## WHAT YOU ARE ASKED TO DO:
Only the stretch of the listing below that runs from the line with "#14445 = LINE ( 'NONE', #12987, #6747 ) ;" through the line with "#15872 = CARTESIAN_POINT" is to be printed, exactly and with both ends.
(Beginning of RECORDS SHOWN)
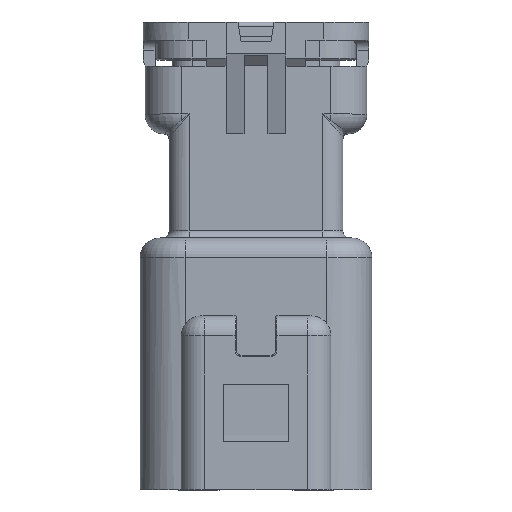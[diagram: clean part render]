
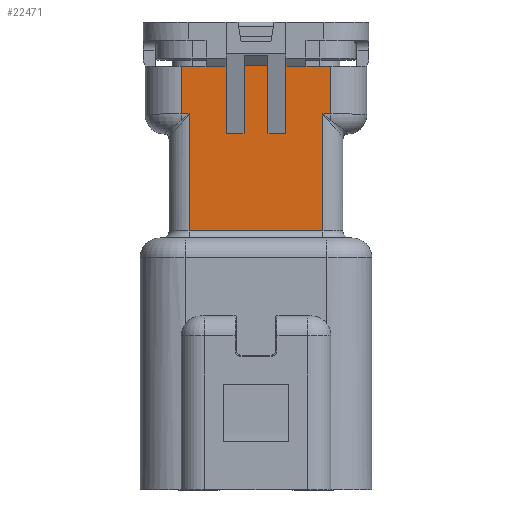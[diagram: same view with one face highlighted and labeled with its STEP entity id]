
A CAD part, top view. The second image highlights one B-rep face of the part: STEP entity #22471.
In plain terms, the highlighted planar face has unit normal (0, 0, 1).
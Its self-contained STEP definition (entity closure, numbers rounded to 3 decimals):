
#250 = VECTOR ( 'NONE', #10576, 1000. ) ;
#273 = VECTOR ( 'NONE', #20317, 1000. ) ;
#287 = VECTOR ( 'NONE', #12958, 1000. ) ;
#525 = ORIENTED_EDGE ( 'NONE', *, *, #21795, .F. ) ;
#612 = DIRECTION ( 'NONE',  ( 1., 0., 0. ) ) ;
#908 = EDGE_CURVE ( 'NONE', #23637, #11278, #8162, .T. ) ;
#1910 = VECTOR ( 'NONE', #8393, 1000. ) ;
#1952 = ORIENTED_EDGE ( 'NONE', *, *, #6279, .T. ) ;
#2707 = PLANE ( 'NONE',  #17821 ) ;
#2840 = CARTESIAN_POINT ( 'NONE',  ( 4.3, 23.4, 6.25 ) ) ;
#3111 = CARTESIAN_POINT ( 'NONE',  ( 0.25, 21.2, 6.25 ) ) ;
#3521 = CARTESIAN_POINT ( 'NONE',  ( 9.15, 18.8, 6.25 ) ) ;
#3602 = EDGE_CURVE ( 'NONE', #8480, #16378, #16577, .T. ) ;
#3710 = EDGE_CURVE ( 'NONE', #11386, #9374, #11947, .T. ) ;
#3802 = VERTEX_POINT ( 'NONE', #7920 ) ;
#3806 = LINE ( 'NONE', #13206, #16783 ) ;
#3872 = DIRECTION ( 'NONE',  ( 0., -1., 0. ) ) ;
#3971 = LINE ( 'NONE', #5795, #7672 ) ;
#4242 = VERTEX_POINT ( 'NONE', #10399 ) ;
#4338 = DIRECTION ( 'NONE',  ( 1., 0., 0. ) ) ;
#4665 = FACE_OUTER_BOUND ( 'NONE', #14375, .T. ) ;
#5099 = EDGE_CURVE ( 'NONE', #16378, #9256, #15961, .T. ) ;
#5380 = CARTESIAN_POINT ( 'NONE',  ( 6.4, 21.2, 6.25 ) ) ;
#5401 = CARTESIAN_POINT ( 'NONE',  ( 9.55, 18.8, 6.25 ) ) ;
#5434 = ORIENTED_EDGE ( 'NONE', *, *, #16352, .T. ) ;
#5795 = CARTESIAN_POINT ( 'NONE',  ( 9.55, 17.8, 6.25 ) ) ;
#6129 = CARTESIAN_POINT ( 'NONE',  ( 2.05, 21.2, 6.25 ) ) ;
#6147 = VECTOR ( 'NONE', #4338, 1000. ) ;
#6195 = LINE ( 'NONE', #10093, #7694 ) ;
#6279 = EDGE_CURVE ( 'NONE', #19957, #10869, #6195, .T. ) ;
#6425 = EDGE_CURVE ( 'NONE', #13718, #3802, #20075, .T. ) ;
#6456 = LINE ( 'NONE', #11588, #15539 ) ;
#6521 = LINE ( 'NONE', #21643, #9399 ) ;
#6724 = EDGE_CURVE ( 'NONE', #19590, #8601, #6521, .T. ) ;
#6747 = VECTOR ( 'NONE', #20417, 1000. ) ;
#7321 = CARTESIAN_POINT ( 'NONE',  ( 2.45, 18.8, 6.25 ) ) ;
#7670 = CARTESIAN_POINT ( 'NONE',  ( 4.3, 17.8, 6.25 ) ) ;
#7672 = VECTOR ( 'NONE', #9458, 1000. ) ;
#7694 = VECTOR ( 'NONE', #17410, 1000. ) ;
#7920 = CARTESIAN_POINT ( 'NONE',  ( 2.05, 18.8, 6.25 ) ) ;
#8162 = LINE ( 'NONE', #15838, #250 ) ;
#8393 = DIRECTION ( 'NONE',  ( 0., 1., 0. ) ) ;
#8429 = VERTEX_POINT ( 'NONE', #7321 ) ;
#8480 = VERTEX_POINT ( 'NONE', #23929 ) ;
#8601 = VERTEX_POINT ( 'NONE', #9532 ) ;
#9012 = EDGE_CURVE ( 'NONE', #19973, #23693, #15746, .T. ) ;
#9060 = CARTESIAN_POINT ( 'NONE',  ( 9.15, 12.95, 6.25 ) ) ;
#9164 = DIRECTION ( 'NONE',  ( 1., 0., 0. ) ) ;
#9256 = VERTEX_POINT ( 'NONE', #3521 ) ;
#9321 = ORIENTED_EDGE ( 'NONE', *, *, #5099, .T. ) ;
#9374 = VERTEX_POINT ( 'NONE', #21948 ) ;
#9399 = VECTOR ( 'NONE', #17979, 1000. ) ;
#9458 = DIRECTION ( 'NONE',  ( 0., 1., 0. ) ) ;
#9532 = CARTESIAN_POINT ( 'NONE',  ( 8.3, 21.2, 6.25 ) ) ;
#9943 = EDGE_CURVE ( 'NONE', #8429, #8480, #10306, .T. ) ;
#9989 = ORIENTED_EDGE ( 'NONE', *, *, #6425, .T. ) ;
#10093 = CARTESIAN_POINT ( 'NONE',  ( 1.45, 21.214, 6.25 ) ) ;
#10146 = DIRECTION ( 'NONE',  ( 0., 0., -1. ) ) ;
#10173 = VECTOR ( 'NONE', #17960, 1000. ) ;
#10306 = LINE ( 'NONE', #14219, #19855 ) ;
#10374 = CARTESIAN_POINT ( 'NONE',  ( 4.3, 21.2, 6.25 ) ) ;
#10399 = CARTESIAN_POINT ( 'NONE',  ( 7.3, 21.2, 6.25 ) ) ;
#10576 = DIRECTION ( 'NONE',  ( 1., 0., 0. ) ) ;
#10716 = CARTESIAN_POINT ( 'NONE',  ( 9.55, 21.2, 6.25 ) ) ;
#10806 = CARTESIAN_POINT ( 'NONE',  ( 6.4, 21.214, 6.25 ) ) ;
#10835 = DIRECTION ( 'NONE',  ( 1., 0., 0. ) ) ;
#10869 = VERTEX_POINT ( 'NONE', #16430 ) ;
#11278 = VERTEX_POINT ( 'NONE', #13001 ) ;
#11327 = VECTOR ( 'NONE', #21213, 1000. ) ;
#11386 = VERTEX_POINT ( 'NONE', #22989 ) ;
#11516 = ORIENTED_EDGE ( 'NONE', *, *, #9943, .T. ) ;
#11588 = CARTESIAN_POINT ( 'NONE',  ( 7.3, 23.4, 6.25 ) ) ;
#11888 = ORIENTED_EDGE ( 'NONE', *, *, #9012, .F. ) ;
#11947 = LINE ( 'NONE', #7670, #11327 ) ;
#12106 = CARTESIAN_POINT ( 'NONE',  ( 6.4, 17.8, 6.25 ) ) ;
#12228 = ORIENTED_EDGE ( 'NONE', *, *, #12708, .T. ) ;
#12708 = EDGE_CURVE ( 'NONE', #23637, #19957, #22344, .T. ) ;
#12958 = DIRECTION ( 'NONE',  ( 0., 1., 0. ) ) ;
#12987 = CARTESIAN_POINT ( 'NONE',  ( 1.45, 18.8, 6.25 ) ) ;
#13001 = CARTESIAN_POINT ( 'NONE',  ( 7.3, 17.8, 6.25 ) ) ;
#13206 = CARTESIAN_POINT ( 'NONE',  ( 1.45, 18.8, 6.25 ) ) ;
#13277 = ORIENTED_EDGE ( 'NONE', *, *, #14020, .F. ) ;
#13279 = EDGE_CURVE ( 'NONE', #13718, #19973, #15792, .T. ) ;
#13561 = VERTEX_POINT ( 'NONE', #5401 ) ;
#13718 = VERTEX_POINT ( 'NONE', #6129 ) ;
#13775 = ORIENTED_EDGE ( 'NONE', *, *, #21973, .T. ) ;
#13857 = CARTESIAN_POINT ( 'NONE',  ( 0.25, 21.2, 6.25 ) ) ;
#13889 = ORIENTED_EDGE ( 'NONE', *, *, #908, .F. ) ;
#13960 = LINE ( 'NONE', #2840, #10173 ) ;
#14020 = EDGE_CURVE ( 'NONE', #11278, #4242, #6456, .T. ) ;
#14219 = CARTESIAN_POINT ( 'NONE',  ( 2.45, 17.8, 6.25 ) ) ;
#14375 = EDGE_LOOP ( 'NONE', ( #9321, #19426, #13775, #22825, #525, #13277, #13889, #12228, #1952, #20224, #18998, #16527, #11888, #19150, #9989, #5434, #11516, #21302 ) ) ;
#14445 = LINE ( 'NONE', #12987, #6747 ) ;
#14735 = CARTESIAN_POINT ( 'NONE',  ( 3.3, 21.2, 6.25 ) ) ;
#15539 = VECTOR ( 'NONE', #15735, 1000. ) ;
#15735 = DIRECTION ( 'NONE',  ( 0., 1., 0. ) ) ;
#15746 = LINE ( 'NONE', #20754, #17629 ) ;
#15792 = LINE ( 'NONE', #13857, #6147 ) ;
#15838 = CARTESIAN_POINT ( 'NONE',  ( 4.3, 17.8, 6.25 ) ) ;
#15872 = CARTESIAN_POINT ( 'NONE',  ( 1.45, 17.8, 6.25 ) ) ;
#15961 = LINE ( 'NONE', #17668, #1910 ) ;
#16059 = DIRECTION ( 'NONE',  ( 0., -1., 0. ) ) ;
#16352 = EDGE_CURVE ( 'NONE', #3802, #8429, #14445, .T. ) ;
#16378 = VERTEX_POINT ( 'NONE', #9060 ) ;
#16430 = CARTESIAN_POINT ( 'NONE',  ( 5.2, 21.214, 6.25 ) ) ;
#16527 = ORIENTED_EDGE ( 'NONE', *, *, #19143, .F. ) ;
#16577 = LINE ( 'NONE', #20486, #21083 ) ;
#16646 = LINE ( 'NONE', #3111, #273 ) ;
#16783 = VECTOR ( 'NONE', #9164, 1000. ) ;
#17349 = DIRECTION ( 'NONE',  ( -1., 0., 0. ) ) ;
#17410 = DIRECTION ( 'NONE',  ( -1., 0., 0. ) ) ;
#17629 = VECTOR ( 'NONE', #612, 1000. ) ;
#17668 = CARTESIAN_POINT ( 'NONE',  ( 9.15, 17.8, 6.25 ) ) ;
#17817 = VECTOR ( 'NONE', #16059, 1000. ) ;
#17821 = AXIS2_PLACEMENT_3D ( 'NONE', #15872, #10146, #17349 ) ;
#17960 = DIRECTION ( 'NONE',  ( 0., -1., 0. ) ) ;
#17979 = DIRECTION ( 'NONE',  ( -1., 0., 0. ) ) ;
#18873 = CARTESIAN_POINT ( 'NONE',  ( 5.2, 21.2, 6.25 ) ) ;
#18998 = ORIENTED_EDGE ( 'NONE', *, *, #3710, .F. ) ;
#19143 = EDGE_CURVE ( 'NONE', #23693, #11386, #13960, .T. ) ;
#19150 = ORIENTED_EDGE ( 'NONE', *, *, #13279, .F. ) ;
#19231 = EDGE_CURVE ( 'NONE', #9256, #13561, #3806, .T. ) ;
#19426 = ORIENTED_EDGE ( 'NONE', *, *, #19231, .T. ) ;
#19590 = VERTEX_POINT ( 'NONE', #10716 ) ;
#19855 = VECTOR ( 'NONE', #21651, 1000. ) ;
#19957 = VERTEX_POINT ( 'NONE', #10806 ) ;
#19973 = VERTEX_POINT ( 'NONE', #14735 ) ;
#20075 = LINE ( 'NONE', #21554, #17817 ) ;
#20116 = VECTOR ( 'NONE', #3872, 1000. ) ;
#20224 = ORIENTED_EDGE ( 'NONE', *, *, #21573, .T. ) ;
#20317 = DIRECTION ( 'NONE',  ( 1., 0., 0. ) ) ;
#20417 = DIRECTION ( 'NONE',  ( 1., 0., 0. ) ) ;
#20486 = CARTESIAN_POINT ( 'NONE',  ( 1.45, 12.95, 6.25 ) ) ;
#20754 = CARTESIAN_POINT ( 'NONE',  ( 0.25, 21.2, 6.25 ) ) ;
#21083 = VECTOR ( 'NONE', #10835, 1000. ) ;
#21213 = DIRECTION ( 'NONE',  ( 1., 0., 0. ) ) ;
#21302 = ORIENTED_EDGE ( 'NONE', *, *, #3602, .T. ) ;
#21554 = CARTESIAN_POINT ( 'NONE',  ( 2.05, 17.8, 6.25 ) ) ;
#21573 = EDGE_CURVE ( 'NONE', #10869, #9374, #22782, .T. ) ;
#21643 = CARTESIAN_POINT ( 'NONE',  ( 1.45, 21.2, 6.25 ) ) ;
#21651 = DIRECTION ( 'NONE',  ( 0., -1., 0. ) ) ;
#21795 = EDGE_CURVE ( 'NONE', #4242, #8601, #16646, .T. ) ;
#21948 = CARTESIAN_POINT ( 'NONE',  ( 5.2, 17.8, 6.25 ) ) ;
#21973 = EDGE_CURVE ( 'NONE', #13561, #19590, #3971, .T. ) ;
#22344 = LINE ( 'NONE', #5380, #287 ) ;
#22471 = ADVANCED_FACE ( 'NONE', ( #4665 ), #2707, .F. ) ;
#22782 = LINE ( 'NONE', #18873, #20116 ) ;
#22825 = ORIENTED_EDGE ( 'NONE', *, *, #6724, .T. ) ;
#22989 = CARTESIAN_POINT ( 'NONE',  ( 4.3, 17.8, 6.25 ) ) ;
#23637 = VERTEX_POINT ( 'NONE', #12106 ) ;
#23693 = VERTEX_POINT ( 'NONE', #10374 ) ;
#23929 = CARTESIAN_POINT ( 'NONE',  ( 2.45, 12.95, 6.25 ) ) ;
(End of RECORDS SHOWN)
## TASK RESPONSE:
#14445 = LINE ( 'NONE', #12987, #6747 ) ;
#14735 = CARTESIAN_POINT ( 'NONE',  ( 3.3, 21.2, 6.25 ) ) ;
#15539 = VECTOR ( 'NONE', #15735, 1000. ) ;
#15735 = DIRECTION ( 'NONE',  ( 0., 1., 0. ) ) ;
#15746 = LINE ( 'NONE', #20754, #17629 ) ;
#15792 = LINE ( 'NONE', #13857, #6147 ) ;
#15838 = CARTESIAN_POINT ( 'NONE',  ( 4.3, 17.8, 6.25 ) ) ;
#15872 = CARTESIAN_POINT ( 'NONE',  ( 1.45, 17.8, 6.25 ) ) ;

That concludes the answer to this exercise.